##### Exercise material #####
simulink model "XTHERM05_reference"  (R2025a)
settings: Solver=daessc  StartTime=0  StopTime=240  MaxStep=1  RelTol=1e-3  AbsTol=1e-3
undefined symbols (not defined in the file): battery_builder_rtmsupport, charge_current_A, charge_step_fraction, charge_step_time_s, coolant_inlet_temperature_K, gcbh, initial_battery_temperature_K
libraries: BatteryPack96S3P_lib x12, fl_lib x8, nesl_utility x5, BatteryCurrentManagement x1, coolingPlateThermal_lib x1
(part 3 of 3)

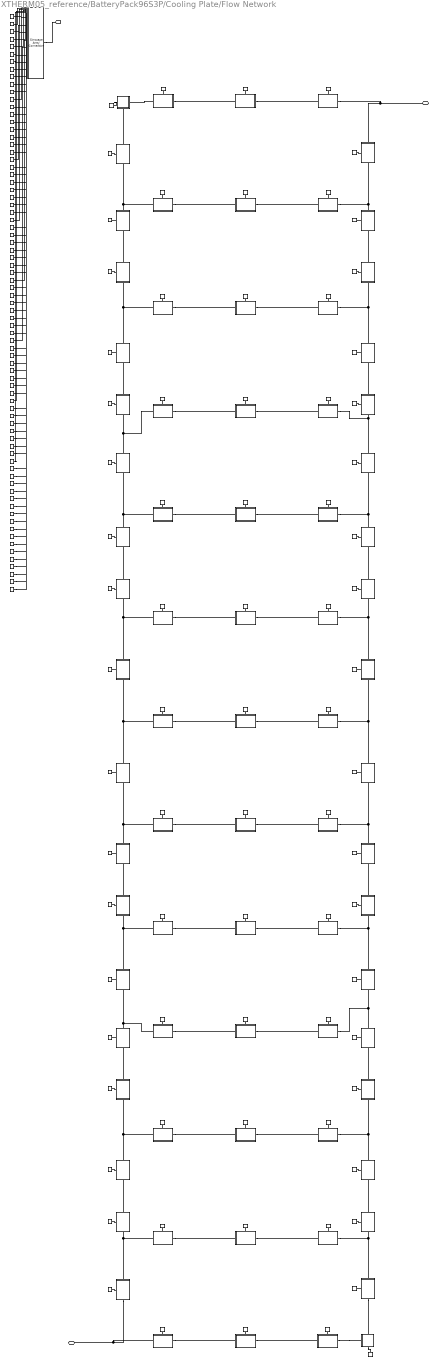
== system XTHERM05_reference/BatteryPack96S3P/Cooling Plate/Flow Network ==
  note: Partition [3,8]
  note: Partition [3,7]
  note: Partition [3,6]
  note: Partition [3,5]
  note: Partition [3,4]
  note: Partition [3,3]
  note: Partition [3,2]
  note: Partition [3,1]
  note: Partition [2,8]
  note: Partition [2,7]
  note: Partition [2,6]
  note: Partition [2,5]
  note: Partition [2,4]
  note: Partition [2,3]
  note: Partition [2,2]
  note: Partition [2,1]
  note: Partition [1,8]
  note: Partition [1,7]
  note: Partition [1,6]
  note: Partition [1,5]
  note: Partition [1,4]
  note: Partition [1,3]
  note: Partition [1,2]
  note: Partition [1,1]
  Array Connection : SimscapeArrayConnection  Domain=foundation.thermal.thermal  NumScalarElements=77
  Bend1_1 : Subsystem  ReferencedSubsystem=BendSubsystemWithMask  lengthPipe=0.0031376  areaPipe=3.1416e-06  diaPipe=0.002  dirPipeOrientBend=up-right
      settings: PortSchema="{\"entries\":[{\"content\":{\"sides\":[{\"content\":{\"connectorIds\":[\"LConn1\"]},\"type\":\"ConnectorPlacement.EquallySpacedRectSide\",\"uuid\":\"fe1e9e2d-1739-4737-8ec3-440461fb646e\"},{\"content\":{\"side\":\"RIGHT\"},\"type\":\"ConnectorPlacement.EquallySpacedRectSide\",\"uuid\":\"c44e4257-eb38-4c5c-b0bd-b7832920e0b4\"},{\"content\":{\"connectorIds\":[\"LConn2\"],\"side\":\"TOP\"},\"type\":\"ConnectorPlacement.EquallySpacedRectSide\",\"uuid\":\"152ce001-782f-4a48-bd0b-9533b0313205\"},{\"content\":{\"connectorIds\":[\"RConn1\"],\"side\":\"BOTTOM\"},\"type\":\"ConnectorPlacement.EquallySpacedRectSide\",\"uuid\":\"9f8ea262-ac4d-418e-a81f-297a07a7dff2\"}]},\"type\":\"ConnectorPlacement.EquallySpacedConnector\",\"uuid\":\"fea8adfe-ce64-4d7f-ba34-bc1e0cac7b5f\"}],\"packageUris\":[\"http://schema.mathworks.com/mf0/Connector/R2020b\"],\"version\":\"1.0\"}"
  Bend2_1 : Subsystem  ReferencedSubsystem=BendSubsystemWithMask  lengthPipe=0.0031376  areaPipe=3.1416e-06  diaPipe=0.002  dirPipeOrientBend=up-right
      settings: PortSchema="{\"entries\":[{\"content\":{\"sides\":[{\"content\":{\"connectorIds\":[\"LConn1\"]},\"type\":\"ConnectorPlacement.EquallySpacedRectSide\",\"uuid\":\"fe1e9e2d-1739-4737-8ec3-440461fb646e\"},{\"content\":{\"side\":\"RIGHT\"},\"type\":\"ConnectorPlacement.EquallySpacedRectSide\",\"uuid\":\"c44e4257-eb38-4c5c-b0bd-b7832920e0b4\"},{\"content\":{\"connectorIds\":[\"LConn2\"],\"side\":\"TOP\"},\"type\":\"ConnectorPlacement.EquallySpacedRectSide\",\"uuid\":\"152ce001-782f-4a48-bd0b-9533b0313205\"},{\"content\":{\"connectorIds\":[\"RConn1\"],\"side\":\"BOTTOM\"},\"type\":\"ConnectorPlacement.EquallySpacedRectSide\",\"uuid\":\"780a4b5e-c251-4558-87ca-52d2b2f91024\"}]},\"type\":\"ConnectorPlacement.EquallySpacedConnector\",\"uuid\":\"fea8adfe-ce64-4d7f-ba34-bc1e0cac7b5f\"}],\"packageUris\":[\"http://schema.mathworks.com/mf0/Connector/R2020b\"],\"version\":\"1.0\"}"
  H_10_1 : ConnectionLabel  Label=H_10_1
  H_10_1_bus : ConnectionLabel  Label=H_10_1
  H_10_2 : ConnectionLabel  Label=H_10_2
  H_10_2_bus : ConnectionLabel  Label=H_10_2
  H_10_3 : ConnectionLabel  Label=H_10_3
  H_10_3_bus : ConnectionLabel  Label=H_10_3
  H_11_1 : ConnectionLabel  Label=H_11_1
  H_11_1_bus : ConnectionLabel  Label=H_11_1
  H_11_2 : ConnectionLabel  Label=H_11_2
  H_11_2_bus : ConnectionLabel  Label=H_11_2
  H_11_3 : ConnectionLabel  Label=H_11_3
  H_11_3_bus : ConnectionLabel  Label=H_11_3
  H_12_1 : ConnectionLabel  Label=H_12_1
  H_12_1_bus : ConnectionLabel  Label=H_12_1
  H_12_2 : ConnectionLabel  Label=H_12_2
  H_12_2_bus : ConnectionLabel  Label=H_12_2
  H_12_3 : ConnectionLabel  Label=H_12_3
  H_12_3_bus : ConnectionLabel  Label=H_12_3
  H_13_1 : ConnectionLabel  Label=H_13_1
  H_13_1_bus : ConnectionLabel  Label=H_13_1
  H_13_2 : ConnectionLabel  Label=H_13_2
  H_13_2_bus : ConnectionLabel  Label=H_13_2
  H_13_3 : ConnectionLabel  Label=H_13_3
  H_13_3_bus : ConnectionLabel  Label=H_13_3
  H_14_1 : ConnectionLabel  Label=H_14_1
  H_14_1_bus : ConnectionLabel  Label=H_14_1
  H_15_1 : ConnectionLabel  Label=H_15_1
  H_15_1_bus : ConnectionLabel  Label=H_15_1
  H_15_2 : ConnectionLabel  Label=H_15_2
  H_15_2_bus : ConnectionLabel  Label=H_15_2
  H_16_1 : ConnectionLabel  Label=H_16_1
  H_16_1_bus : ConnectionLabel  Label=H_16_1
  H_16_2 : ConnectionLabel  Label=H_16_2
  H_16_2_bus : ConnectionLabel  Label=H_16_2
  H_17_1 : ConnectionLabel  Label=H_17_1
  H_17_1_bus : ConnectionLabel  Label=H_17_1
  H_18_1 : ConnectionLabel  Label=H_18_1
  H_18_1_bus : ConnectionLabel  Label=H_18_1
  H_18_2 : ConnectionLabel  Label=H_18_2
  H_18_2_bus : ConnectionLabel  Label=H_18_2
  H_19_1 : ConnectionLabel  Label=H_19_1
  H_19_1_bus : ConnectionLabel  Label=H_19_1
  H_1_1 : ConnectionLabel  Label=H_1_1
  H_1_1_bus : ConnectionLabel  Label=H_1_1
  H_1_2 : ConnectionLabel  Label=H_1_2
  H_1_2_bus : ConnectionLabel  Label=H_1_2
  H_1_3 : ConnectionLabel  Label=H_1_3
  H_1_3_bus : ConnectionLabel  Label=H_1_3
  H_20_1 : ConnectionLabel  Label=H_20_1
  H_20_1_bus : ConnectionLabel  Label=H_20_1
  H_21_1 : ConnectionLabel  Label=H_21_1
  H_21_1_bus : ConnectionLabel  Label=H_21_1
  H_21_2 : ConnectionLabel  Label=H_21_2
  H_21_2_bus : ConnectionLabel  Label=H_21_2
  H_22_1 : ConnectionLabel  Label=H_22_1
  H_22_1_bus : ConnectionLabel  Label=H_22_1
  H_23_1 : ConnectionLabel  Label=H_23_1
  H_23_1_bus : ConnectionLabel  Label=H_23_1
  H_23_2 : ConnectionLabel  Label=H_23_2
  H_23_2_bus : ConnectionLabel  Label=H_23_2
  H_24_1 : ConnectionLabel  Label=H_24_1
  H_24_1_bus : ConnectionLabel  Label=H_24_1
  H_24_2 : ConnectionLabel  Label=H_24_2
  H_24_2_bus : ConnectionLabel  Label=H_24_2
  H_25_1 : ConnectionLabel  Label=H_25_1
  H_25_1_bus : ConnectionLabel  Label=H_25_1
  H_26_1 : ConnectionLabel  Label=H_26_1
  H_26_1_bus : ConnectionLabel  Label=H_26_1
  H_27_1 : ConnectionLabel  Label=H_27_1
  H_27_1_bus : ConnectionLabel  Label=H_27_1
  H_27_2 : ConnectionLabel  Label=H_27_2
  H_27_2_bus : ConnectionLabel  Label=H_27_2
  H_28_1 : ConnectionLabel  Label=H_28_1
  H_28_1_bus : ConnectionLabel  Label=H_28_1
  H_28_2 : ConnectionLabel  Label=H_28_2
  H_28_2_bus : ConnectionLabel  Label=H_28_2
  H_29_1 : ConnectionLabel  Label=H_29_1
  H_29_1_bus : ConnectionLabel  Label=H_29_1
  H_2_1 : ConnectionLabel  Label=H_2_1
  H_2_1_bus : ConnectionLabel  Label=H_2_1
  H_2_2 : ConnectionLabel  Label=H_2_2
  H_2_2_bus : ConnectionLabel  Label=H_2_2
  H_2_3 : ConnectionLabel  Label=H_2_3
  H_2_3_bus : ConnectionLabel  Label=H_2_3
  H_30_1 : ConnectionLabel  Label=H_30_1
  H_30_1_bus : ConnectionLabel  Label=H_30_1
  H_30_2 : ConnectionLabel  Label=H_30_2
  H_30_2_bus : ConnectionLabel  Label=H_30_2
  H_31_1 : ConnectionLabel  Label=H_31_1
  H_31_1_bus : ConnectionLabel  Label=H_31_1
  H_32_1 : ConnectionLabel  Label=H_32_1
  H_32_1_bus : ConnectionLabel  Label=H_32_1
  H_33_1 : ConnectionLabel  Label=H_33_1
  H_33_1_bus : ConnectionLabel  Label=H_33_1
  H_33_2 : ConnectionLabel  Label=H_33_2
  H_33_2_bus : ConnectionLabel  Label=H_33_2
  H_34_1 : ConnectionLabel  Label=H_34_1
  H_34_1_bus : ConnectionLabel  Label=H_34_1
  H_35_1 : ConnectionLabel  Label=H_35_1
  H_35_1_bus : ConnectionLabel  Label=H_35_1
  H_35_2 : ConnectionLabel  Label=H_35_2
  H_35_2_bus : ConnectionLabel  Label=H_35_2
  H_36_1 : ConnectionLabel  Label=H_36_1
  H_36_1_bus : ConnectionLabel  Label=H_36_1
  H_36_2 : ConnectionLabel  Label=H_36_2
  H_36_2_bus : ConnectionLabel  Label=H_36_2
  H_37_1 : ConnectionLabel  Label=H_37_1
  H_37_1_bus : ConnectionLabel  Label=H_37_1
  H_38_1 : ConnectionLabel  Label=H_38_1
  H_38_1_bus : ConnectionLabel  Label=H_38_1
  H_39_1 : ConnectionLabel  Label=H_39_1
  H_39_1_bus : ConnectionLabel  Label=H_39_1
  H_3_1 : ConnectionLabel  Label=H_3_1
  H_3_1_bus : ConnectionLabel  Label=H_3_1
  H_3_2 : ConnectionLabel  Label=H_3_2
  H_3_2_bus : ConnectionLabel  Label=H_3_2
  H_3_3 : ConnectionLabel  Label=H_3_3
  H_3_3_bus : ConnectionLabel  Label=H_3_3
  H_4_1 : ConnectionLabel  Label=H_4_1
  H_4_1_bus : ConnectionLabel  Label=H_4_1
  H_4_2 : ConnectionLabel  Label=H_4_2
  H_4_2_bus : ConnectionLabel  Label=H_4_2
  H_4_3 : ConnectionLabel  Label=H_4_3
  H_4_3_bus : ConnectionLabel  Label=H_4_3
  H_5_1 : ConnectionLabel  Label=H_5_1
  H_5_1_bus : ConnectionLabel  Label=H_5_1
  H_5_2 : ConnectionLabel  Label=H_5_2
  H_5_2_bus : ConnectionLabel  Label=H_5_2
  H_5_3 : ConnectionLabel  Label=H_5_3
  H_5_3_bus : ConnectionLabel  Label=H_5_3
  H_6_1 : ConnectionLabel  Label=H_6_1
  H_6_1_bus : ConnectionLabel  Label=H_6_1
  H_6_2 : ConnectionLabel  Label=H_6_2
  H_6_2_bus : ConnectionLabel  Label=H_6_2
  H_6_3 : ConnectionLabel  Label=H_6_3
  H_6_3_bus : ConnectionLabel  Label=H_6_3
  H_7_1 : ConnectionLabel  Label=H_7_1
  H_7_1_bus : ConnectionLabel  Label=H_7_1
  H_7_2 : ConnectionLabel  Label=H_7_2
  H_7_2_bus : ConnectionLabel  Label=H_7_2
  H_7_3 : ConnectionLabel  Label=H_7_3
  H_7_3_bus : ConnectionLabel  Label=H_7_3
  H_8_1 : ConnectionLabel  Label=H_8_1
  H_8_1_bus : ConnectionLabel  Label=H_8_1
  H_8_2 : ConnectionLabel  Label=H_8_2
  H_8_2_bus : ConnectionLabel  Label=H_8_2
  H_8_3 : ConnectionLabel  Label=H_8_3
  H_8_3_bus : ConnectionLabel  Label=H_8_3
  H_9_1 : ConnectionLabel  Label=H_9_1
  H_9_1_bus : ConnectionLabel  Label=H_9_1
  H_9_2 : ConnectionLabel  Label=H_9_2
  H_9_2_bus : ConnectionLabel  Label=H_9_2
  H_9_3 : ConnectionLabel  Label=H_9_3
  H_9_3_bus : ConnectionLabel  Label=H_9_3
  Pipe10_1 : Subsystem  ReferencedSubsystem=PipeSubsystemWithMask  lengthPipe=0.36667  areaPipe=3.1416e-06  diaPipe=0.002  directionPipe=right
      settings: PortSchema="{\"entries\":[{\"content\":{\"sides\":[{\"content\":{\"connectorIds\":[\"LConn1\"]},\"type\":\"ConnectorPlacement.EquallySpacedRectSide\",\"uuid\":\"fe1e9e2d-1739-4737-8ec3-440461fb646e\"},{\"content\":{\"connectorIds\":[\"RConn1\"],\"side\":\"RIGHT\"},\"type\":\"ConnectorPlacement.EquallySpacedRectSide\",\"uuid\":\"c44e4257-eb38-4c5c-b0bd-b7832920e0b4\"},{\"content\":{\"connectorIds\":[\"LConn2\"],\"side\":\"TOP\"},\"type\":\"ConnectorPlacement.EquallySpacedRectSide\",\"uuid\":\"152ce001-782f-4a48-bd0b-9533b0313205\"}]},\"type\":\"ConnectorPlacement.EquallySpacedConnector\",\"uuid\":\"fea8adfe-ce64-4d7f-ba34-bc1e0cac7b5f\"}],\"packageUris\":[\"http://schema.mathworks.com/mf0/Connector/R2020b\"],\"version\":\"1.0\"}"
  Pipe10_2 : Subsystem  ReferencedSubsystem=PipeSubsystemWithMask  lengthPipe=0.39167  areaPipe=3.1416e-06  diaPipe=0.002  directionPipe=right
      settings: PortSchema="{\"entries\":[{\"content\":{\"sides\":[{\"content\":{\"connectorIds\":[\"LConn1\"]},\"type\":\"ConnectorPlacement.EquallySpacedRectSide\",\"uuid\":\"fe1e9e2d-1739-4737-8ec3-440461fb646e\"},{\"content\":{\"connectorIds\":[\"RConn1\"],\"side\":\"RIGHT\"},\"type\":\"ConnectorPlacement.EquallySpacedRectSide\",\"uuid\":\"c44e4257-eb38-4c5c-b0bd-b7832920e0b4\"},{\"content\":{\"connectorIds\":[\"LConn2\"],\"side\":\"TOP\"},\"type\":\"ConnectorPlacement.EquallySpacedRectSide\",\"uuid\":\"152ce001-782f-4a48-bd0b-9533b0313205\"}]},\"type\":\"ConnectorPlacement.EquallySpacedConnector\",\"uuid\":\"fea8adfe-ce64-4d7f-ba34-bc1e0cac7b5f\"}],\"packageUris\":[\"http://schema.mathworks.com/mf0/Connector/R2020b\"],\"version\":\"1.0\"}"
  Pipe10_3 : Subsystem  ReferencedSubsystem=PipeSubsystemWithMask  lengthPipe=0.36667  areaPipe=3.1416e-06  diaPipe=0.002  directionPipe=right
      settings: PortSchema="{\"entries\":[{\"content\":{\"sides\":[{\"content\":{\"connectorIds\":[\"LConn1\"]},\"type\":\"ConnectorPlacement.EquallySpacedRectSide\",\"uuid\":\"fe1e9e2d-1739-4737-8ec3-440461fb646e\"},{\"content\":{\"connectorIds\":[\"RConn1\"],\"side\":\"RIGHT\"},\"type\":\"ConnectorPlacement.EquallySpacedRectSide\",\"uuid\":\"c44e4257-eb38-4c5c-b0bd-b7832920e0b4\"},{\"content\":{\"connectorIds\":[\"LConn2\"],\"side\":\"TOP\"},\"type\":\"ConnectorPlacement.EquallySpacedRectSide\",\"uuid\":\"152ce001-782f-4a48-bd0b-9533b0313205\"}]},\"type\":\"ConnectorPlacement.EquallySpacedConnector\",\"uuid\":\"fea8adfe-ce64-4d7f-ba34-bc1e0cac7b5f\"}],\"packageUris\":[\"http://schema.mathworks.com/mf0/Connector/R2020b\"],\"version\":\"1.0\"}"
  Pipe11_1 : Subsystem  ReferencedSubsystem=PipeSubsystemWithMask  lengthPipe=0.36667  areaPipe=3.1416e-06  diaPipe=0.002  directionPipe=right
      settings: PortSchema="{\"entries\":[{\"content\":{\"sides\":[{\"content\":{\"connectorIds\":[\"LConn1\"]},\"type\":\"ConnectorPlacement.EquallySpacedRectSide\",\"uuid\":\"fe1e9e2d-1739-4737-8ec3-440461fb646e\"},{\"content\":{\"connectorIds\":[\"RConn1\"],\"side\":\"RIGHT\"},\"type\":\"ConnectorPlacement.EquallySpacedRectSide\",\"uuid\":\"c44e4257-eb38-4c5c-b0bd-b7832920e0b4\"},{\"content\":{\"connectorIds\":[\"LConn2\"],\"side\":\"TOP\"},\"type\":\"ConnectorPlacement.EquallySpacedRectSide\",\"uuid\":\"152ce001-782f-4a48-bd0b-9533b0313205\"}]},\"type\":\"ConnectorPlacement.EquallySpacedConnector\",\"uuid\":\"fea8adfe-ce64-4d7f-ba34-bc1e0cac7b5f\"}],\"packageUris\":[\"http://schema.mathworks.com/mf0/Connector/R2020b\"],\"version\":\"1.0\"}"
  Pipe11_2 : Subsystem  ReferencedSubsystem=PipeSubsystemWithMask  lengthPipe=0.39167  areaPipe=3.1416e-06  diaPipe=0.002  directionPipe=right
      settings: PortSchema="{\"entries\":[{\"content\":{\"sides\":[{\"content\":{\"connectorIds\":[\"LConn1\"]},\"type\":\"ConnectorPlacement.EquallySpacedRectSide\",\"uuid\":\"fe1e9e2d-1739-4737-8ec3-440461fb646e\"},{\"content\":{\"connectorIds\":[\"RConn1\"],\"side\":\"RIGHT\"},\"type\":\"ConnectorPlacement.EquallySpacedRectSide\",\"uuid\":\"c44e4257-eb38-4c5c-b0bd-b7832920e0b4\"},{\"content\":{\"connectorIds\":[\"LConn2\"],\"side\":\"TOP\"},\"type\":\"ConnectorPlacement.EquallySpacedRectSide\",\"uuid\":\"152ce001-782f-4a48-bd0b-9533b0313205\"}]},\"type\":\"ConnectorPlacement.EquallySpacedConnector\",\"uuid\":\"fea8adfe-ce64-4d7f-ba34-bc1e0cac7b5f\"}],\"packageUris\":[\"http://schema.mathworks.com/mf0/Connector/R2020b\"],\"version\":\"1.0\"}"
  Pipe11_3 : Subsystem  ReferencedSubsystem=PipeSubsystemWithMask  lengthPipe=0.36667  areaPipe=3.1416e-06  diaPipe=0.002  directionPipe=right
      settings: PortSchema="{\"entries\":[{\"content\":{\"sides\":[{\"content\":{\"connectorIds\":[\"LConn1\"]},\"type\":\"ConnectorPlacement.EquallySpacedRectSide\",\"uuid\":\"fe1e9e2d-1739-4737-8ec3-440461fb646e\"},{\"content\":{\"connectorIds\":[\"RConn1\"],\"side\":\"RIGHT\"},\"type\":\"ConnectorPlacement.EquallySpacedRectSide\",\"uuid\":\"c44e4257-eb38-4c5c-b0bd-b7832920e0b4\"},{\"content\":{\"connectorIds\":[\"LConn2\"],\"side\":\"TOP\"},\"type\":\"ConnectorPlacement.EquallySpacedRectSide\",\"uuid\":\"152ce001-782f-4a48-bd0b-9533b0313205\"}]},\"type\":\"ConnectorPlacement.EquallySpacedConnector\",\"uuid\":\"fea8adfe-ce64-4d7f-ba34-bc1e0cac7b5f\"}],\"packageUris\":[\"http://schema.mathworks.com/mf0/Connector/R2020b\"],\"version\":\"1.0\"}"
  Pipe12_1 : Subsystem  ReferencedSubsystem=PipeSubsystemWithMask  lengthPipe=0.36667  areaPipe=3.1416e-06  diaPipe=0.002  directionPipe=right
      settings: PortSchema="{\"entries\":[{\"content\":{\"sides\":[{\"content\":{\"connectorIds\":[\"LConn1\"]},\"type\":\"ConnectorPlacement.EquallySpacedRectSide\",\"uuid\":\"fe1e9e2d-1739-4737-8ec3-440461fb646e\"},{\"content\":{\"connectorIds\":[\"RConn1\"],\"side\":\"RIGHT\"},\"type\":\"ConnectorPlacement.EquallySpacedRectSide\",\"uuid\":\"c44e4257-eb38-4c5c-b0bd-b7832920e0b4\"},{\"content\":{\"connectorIds\":[\"LConn2\"],\"side\":\"TOP\"},\"type\":\"ConnectorPlacement.EquallySpacedRectSide\",\"uuid\":\"152ce001-782f-4a48-bd0b-9533b0313205\"}]},\"type\":\"ConnectorPlacement.EquallySpacedConnector\",\"uuid\":\"fea8adfe-ce64-4d7f-ba34-bc1e0cac7b5f\"}],\"packageUris\":[\"http://schema.mathworks.com/mf0/Connector/R2020b\"],\"version\":\"1.0\"}"
  Pipe12_2 : Subsystem  ReferencedSubsystem=PipeSubsystemWithMask  lengthPipe=0.39167  areaPipe=3.1416e-06  diaPipe=0.002  directionPipe=right
      settings: PortSchema="{\"entries\":[{\"content\":{\"sides\":[{\"content\":{\"connectorIds\":[\"LConn1\"]},\"type\":\"ConnectorPlacement.EquallySpacedRectSide\",\"uuid\":\"fe1e9e2d-1739-4737-8ec3-440461fb646e\"},{\"content\":{\"connectorIds\":[\"RConn1\"],\"side\":\"RIGHT\"},\"type\":\"ConnectorPlacement.EquallySpacedRectSide\",\"uuid\":\"c44e4257-eb38-4c5c-b0bd-b7832920e0b4\"},{\"content\":{\"connectorIds\":[\"LConn2\"],\"side\":\"TOP\"},\"type\":\"ConnectorPlacement.EquallySpacedRectSide\",\"uuid\":\"152ce001-782f-4a48-bd0b-9533b0313205\"}]},\"type\":\"ConnectorPlacement.EquallySpacedConnector\",\"uuid\":\"fea8adfe-ce64-4d7f-ba34-bc1e0cac7b5f\"}],\"packageUris\":[\"http://schema.mathworks.com/mf0/Connector/R2020b\"],\"version\":\"1.0\"}"
  Pipe12_3 : Subsystem  ReferencedSubsystem=PipeSubsystemWithMask  lengthPipe=0.36667  areaPipe=3.1416e-06  diaPipe=0.002  directionPipe=right
      settings: PortSchema="{\"entries\":[{\"content\":{\"sides\":[{\"content\":{\"connectorIds\":[\"LConn1\"]},\"type\":\"ConnectorPlacement.EquallySpacedRectSide\",\"uuid\":\"fe1e9e2d-1739-4737-8ec3-440461fb646e\"},{\"content\":{\"connectorIds\":[\"RConn1\"],\"side\":\"RIGHT\"},\"type\":\"ConnectorPlacement.EquallySpacedRectSide\",\"uuid\":\"c44e4257-eb38-4c5c-b0bd-b7832920e0b4\"},{\"content\":{\"connectorIds\":[\"LConn2\"],\"side\":\"TOP\"},\"type\":\"ConnectorPlacement.EquallySpacedRectSide\",\"uuid\":\"152ce001-782f-4a48-bd0b-9533b0313205\"}]},\"type\":\"ConnectorPlacement.EquallySpacedConnector\",\"uuid\":\"fea8adfe-ce64-4d7f-ba34-bc1e0cac7b5f\"}],\"packageUris\":[\"http://schema.mathworks.com/mf0/Connector/R2020b\"],\"version\":\"1.0\"}"
  Pipe13_1 : Subsystem  ReferencedSubsystem=PipeSubsystemWithMask  lengthPipe=0.36467  areaPipe=3.1416e-06  diaPipe=0.002  directionPipe=right
      settings: PortSchema="{\"entries\":[{\"content\":{\"sides\":[{\"content\":{\"connectorIds\":[\"LConn1\"]},\"type\":\"ConnectorPlacement.EquallySpacedRectSide\",\"uuid\":\"fe1e9e2d-1739-4737-8ec3-440461fb646e\"},{\"content\":{\"connectorIds\":[\"RConn1\"],\"side\":\"RIGHT\"},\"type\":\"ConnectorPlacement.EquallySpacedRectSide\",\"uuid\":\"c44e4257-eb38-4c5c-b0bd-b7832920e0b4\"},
#####
_Exercise instructions_. What you give back should be exactly the lines of the data above from the line with "H_36_2_bus : ConnectionLabel" through the line with "H_39_1 : ConnectionLabel", both of those included, and nothing more.

_Solution_.
  H_36_2_bus : ConnectionLabel  Label=H_36_2
  H_37_1 : ConnectionLabel  Label=H_37_1
  H_37_1_bus : ConnectionLabel  Label=H_37_1
  H_38_1 : ConnectionLabel  Label=H_38_1
  H_38_1_bus : ConnectionLabel  Label=H_38_1
  H_39_1 : ConnectionLabel  Label=H_39_1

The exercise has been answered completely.